Material for this task START

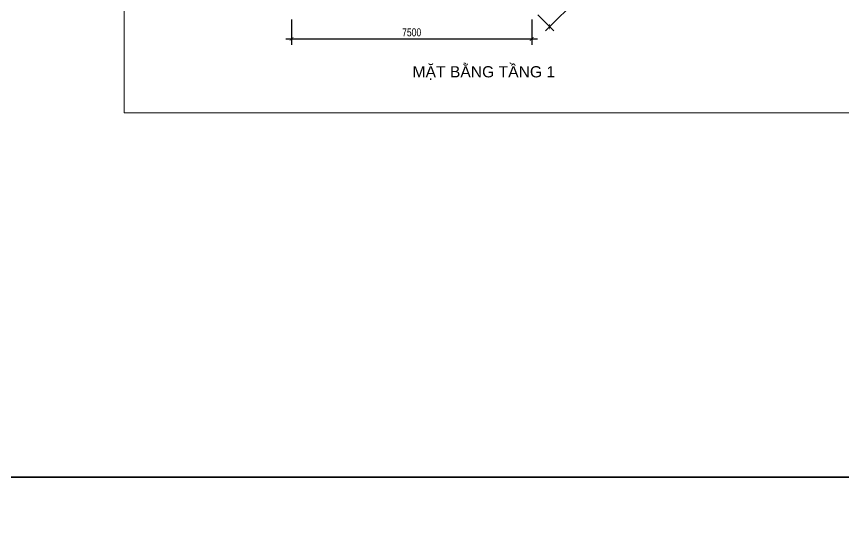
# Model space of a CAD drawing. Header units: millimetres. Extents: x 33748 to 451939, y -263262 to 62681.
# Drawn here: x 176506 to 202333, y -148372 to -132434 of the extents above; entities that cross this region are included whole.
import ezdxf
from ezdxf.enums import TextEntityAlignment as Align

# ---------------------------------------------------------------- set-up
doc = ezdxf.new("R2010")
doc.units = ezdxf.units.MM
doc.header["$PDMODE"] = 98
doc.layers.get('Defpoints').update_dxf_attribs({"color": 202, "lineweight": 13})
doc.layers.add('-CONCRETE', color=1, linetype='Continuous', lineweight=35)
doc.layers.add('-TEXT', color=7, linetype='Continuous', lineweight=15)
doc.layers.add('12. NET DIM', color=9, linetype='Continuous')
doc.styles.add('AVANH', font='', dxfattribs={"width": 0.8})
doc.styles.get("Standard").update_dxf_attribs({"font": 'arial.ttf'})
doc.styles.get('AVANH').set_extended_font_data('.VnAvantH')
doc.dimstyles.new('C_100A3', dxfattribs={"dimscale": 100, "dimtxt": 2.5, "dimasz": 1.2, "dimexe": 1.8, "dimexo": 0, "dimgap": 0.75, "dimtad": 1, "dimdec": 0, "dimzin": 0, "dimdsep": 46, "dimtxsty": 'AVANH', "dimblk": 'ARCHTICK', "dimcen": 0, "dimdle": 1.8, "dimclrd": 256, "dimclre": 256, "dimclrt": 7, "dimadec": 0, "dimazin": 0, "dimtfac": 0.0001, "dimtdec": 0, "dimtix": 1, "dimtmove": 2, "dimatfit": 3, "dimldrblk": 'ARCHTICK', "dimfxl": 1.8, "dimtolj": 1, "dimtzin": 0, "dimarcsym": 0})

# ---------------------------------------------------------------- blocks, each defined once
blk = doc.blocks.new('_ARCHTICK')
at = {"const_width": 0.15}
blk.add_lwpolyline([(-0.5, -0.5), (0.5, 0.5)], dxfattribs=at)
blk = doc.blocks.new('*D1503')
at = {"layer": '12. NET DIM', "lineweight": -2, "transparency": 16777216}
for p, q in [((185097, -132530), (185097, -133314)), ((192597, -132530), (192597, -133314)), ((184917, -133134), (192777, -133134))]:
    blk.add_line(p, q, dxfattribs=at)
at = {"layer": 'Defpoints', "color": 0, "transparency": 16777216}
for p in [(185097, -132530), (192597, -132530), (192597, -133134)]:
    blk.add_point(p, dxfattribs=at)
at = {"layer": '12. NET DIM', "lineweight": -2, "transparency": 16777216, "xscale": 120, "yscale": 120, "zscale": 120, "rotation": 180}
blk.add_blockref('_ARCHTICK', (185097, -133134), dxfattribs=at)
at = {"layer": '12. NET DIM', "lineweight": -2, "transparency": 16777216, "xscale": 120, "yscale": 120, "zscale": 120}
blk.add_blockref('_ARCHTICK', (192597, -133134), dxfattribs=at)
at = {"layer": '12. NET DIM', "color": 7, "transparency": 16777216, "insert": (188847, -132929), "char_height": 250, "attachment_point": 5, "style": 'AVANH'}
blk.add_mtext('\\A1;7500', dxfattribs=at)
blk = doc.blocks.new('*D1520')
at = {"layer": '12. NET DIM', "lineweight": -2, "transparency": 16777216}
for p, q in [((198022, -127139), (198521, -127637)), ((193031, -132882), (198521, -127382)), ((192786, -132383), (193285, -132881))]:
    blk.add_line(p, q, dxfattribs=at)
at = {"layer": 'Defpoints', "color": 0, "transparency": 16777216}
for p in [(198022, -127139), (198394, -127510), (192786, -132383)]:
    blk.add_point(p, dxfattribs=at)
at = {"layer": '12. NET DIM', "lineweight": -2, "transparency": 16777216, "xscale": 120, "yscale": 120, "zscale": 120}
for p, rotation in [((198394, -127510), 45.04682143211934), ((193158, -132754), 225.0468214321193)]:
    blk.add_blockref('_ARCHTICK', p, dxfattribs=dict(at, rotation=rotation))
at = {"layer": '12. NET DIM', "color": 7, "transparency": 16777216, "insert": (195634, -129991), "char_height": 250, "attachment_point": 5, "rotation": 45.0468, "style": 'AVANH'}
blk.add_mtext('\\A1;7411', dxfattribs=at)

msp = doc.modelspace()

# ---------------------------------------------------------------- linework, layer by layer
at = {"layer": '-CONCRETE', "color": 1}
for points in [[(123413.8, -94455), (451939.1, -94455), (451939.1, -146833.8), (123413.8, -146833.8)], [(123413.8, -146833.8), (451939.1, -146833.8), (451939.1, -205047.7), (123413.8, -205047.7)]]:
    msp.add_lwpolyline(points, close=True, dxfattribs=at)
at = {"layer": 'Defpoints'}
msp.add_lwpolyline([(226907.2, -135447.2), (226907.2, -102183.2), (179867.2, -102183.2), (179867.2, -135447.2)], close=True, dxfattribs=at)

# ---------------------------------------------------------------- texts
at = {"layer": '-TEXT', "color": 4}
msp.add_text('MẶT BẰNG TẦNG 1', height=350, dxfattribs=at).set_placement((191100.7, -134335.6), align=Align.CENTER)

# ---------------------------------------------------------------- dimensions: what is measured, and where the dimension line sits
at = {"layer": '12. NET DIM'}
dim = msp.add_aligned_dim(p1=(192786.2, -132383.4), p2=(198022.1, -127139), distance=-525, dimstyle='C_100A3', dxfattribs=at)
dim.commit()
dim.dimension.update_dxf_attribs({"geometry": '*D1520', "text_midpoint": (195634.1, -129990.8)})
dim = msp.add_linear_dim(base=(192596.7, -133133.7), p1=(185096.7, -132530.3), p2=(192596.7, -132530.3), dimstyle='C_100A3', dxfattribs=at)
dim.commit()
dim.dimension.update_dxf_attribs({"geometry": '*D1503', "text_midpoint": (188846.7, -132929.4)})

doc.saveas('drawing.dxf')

Material for this task END

▶ [What to work on] Can the lines from the start of the records through the line with "blk.add_blockref('_ARCHTICK', (185097, -133134), dxfattribs=at)" be given again exactly, with the pictures left out?

▶ [Solved exercise]
# Model space of a CAD drawing. Header units: millimetres. Extents: x 33748 to 451939, y -263262 to 62681.
# Drawn here: x 176506 to 202333, y -148372 to -132434 of the extents above; entities that cross this region are included whole.
import ezdxf
from ezdxf.enums import TextEntityAlignment as Align

# ---------------------------------------------------------------- set-up
doc = ezdxf.new("R2010")
doc.units = ezdxf.units.MM
doc.header["$PDMODE"] = 98
doc.layers.get('Defpoints').update_dxf_attribs({"color": 202, "lineweight": 13})
doc.layers.add('-CONCRETE', color=1, linetype='Continuous', lineweight=35)
doc.layers.add('-TEXT', color=7, linetype='Continuous', lineweight=15)
doc.layers.add('12. NET DIM', color=9, linetype='Continuous')
doc.styles.add('AVANH', font='', dxfattribs={"width": 0.8})
doc.styles.get("Standard").update_dxf_attribs({"font": 'arial.ttf'})
doc.styles.get('AVANH').set_extended_font_data('.VnAvantH')
doc.dimstyles.new('C_100A3', dxfattribs={"dimscale": 100, "dimtxt": 2.5, "dimasz": 1.2, "dimexe": 1.8, "dimexo": 0, "dimgap": 0.75, "dimtad": 1, "dimdec": 0, "dimzin": 0, "dimdsep": 46, "dimtxsty": 'AVANH', "dimblk": 'ARCHTICK', "dimcen": 0, "dimdle": 1.8, "dimclrd": 256, "dimclre": 256, "dimclrt": 7, "dimadec": 0, "dimazin": 0, "dimtfac": 0.0001, "dimtdec": 0, "dimtix": 1, "dimtmove": 2, "dimatfit": 3, "dimldrblk": 'ARCHTICK', "dimfxl": 1.8, "dimtolj": 1, "dimtzin": 0, "dimarcsym": 0})

# ---------------------------------------------------------------- blocks, each defined once
blk = doc.blocks.new('_ARCHTICK')
at = {"const_width": 0.15}
blk.add_lwpolyline([(-0.5, -0.5), (0.5, 0.5)], dxfattribs=at)
blk = doc.blocks.new('*D1503')
at = {"layer": '12. NET DIM', "lineweight": -2, "transparency": 16777216}
for p, q in [((185097, -132530), (185097, -133314)), ((192597, -132530), (192597, -133314)), ((184917, -133134), (192777, -133134))]:
    blk.add_line(p, q, dxfattribs=at)
at = {"layer": 'Defpoints', "color": 0, "transparency": 16777216}
for p in [(185097, -132530), (192597, -132530), (192597, -133134)]:
    blk.add_point(p, dxfattribs=at)
at = {"layer": '12. NET DIM', "lineweight": -2, "transparency": 16777216, "xscale": 120, "yscale": 120, "zscale": 120, "rotation": 180}
blk.add_blockref('_ARCHTICK', (185097, -133134), dxfattribs=at)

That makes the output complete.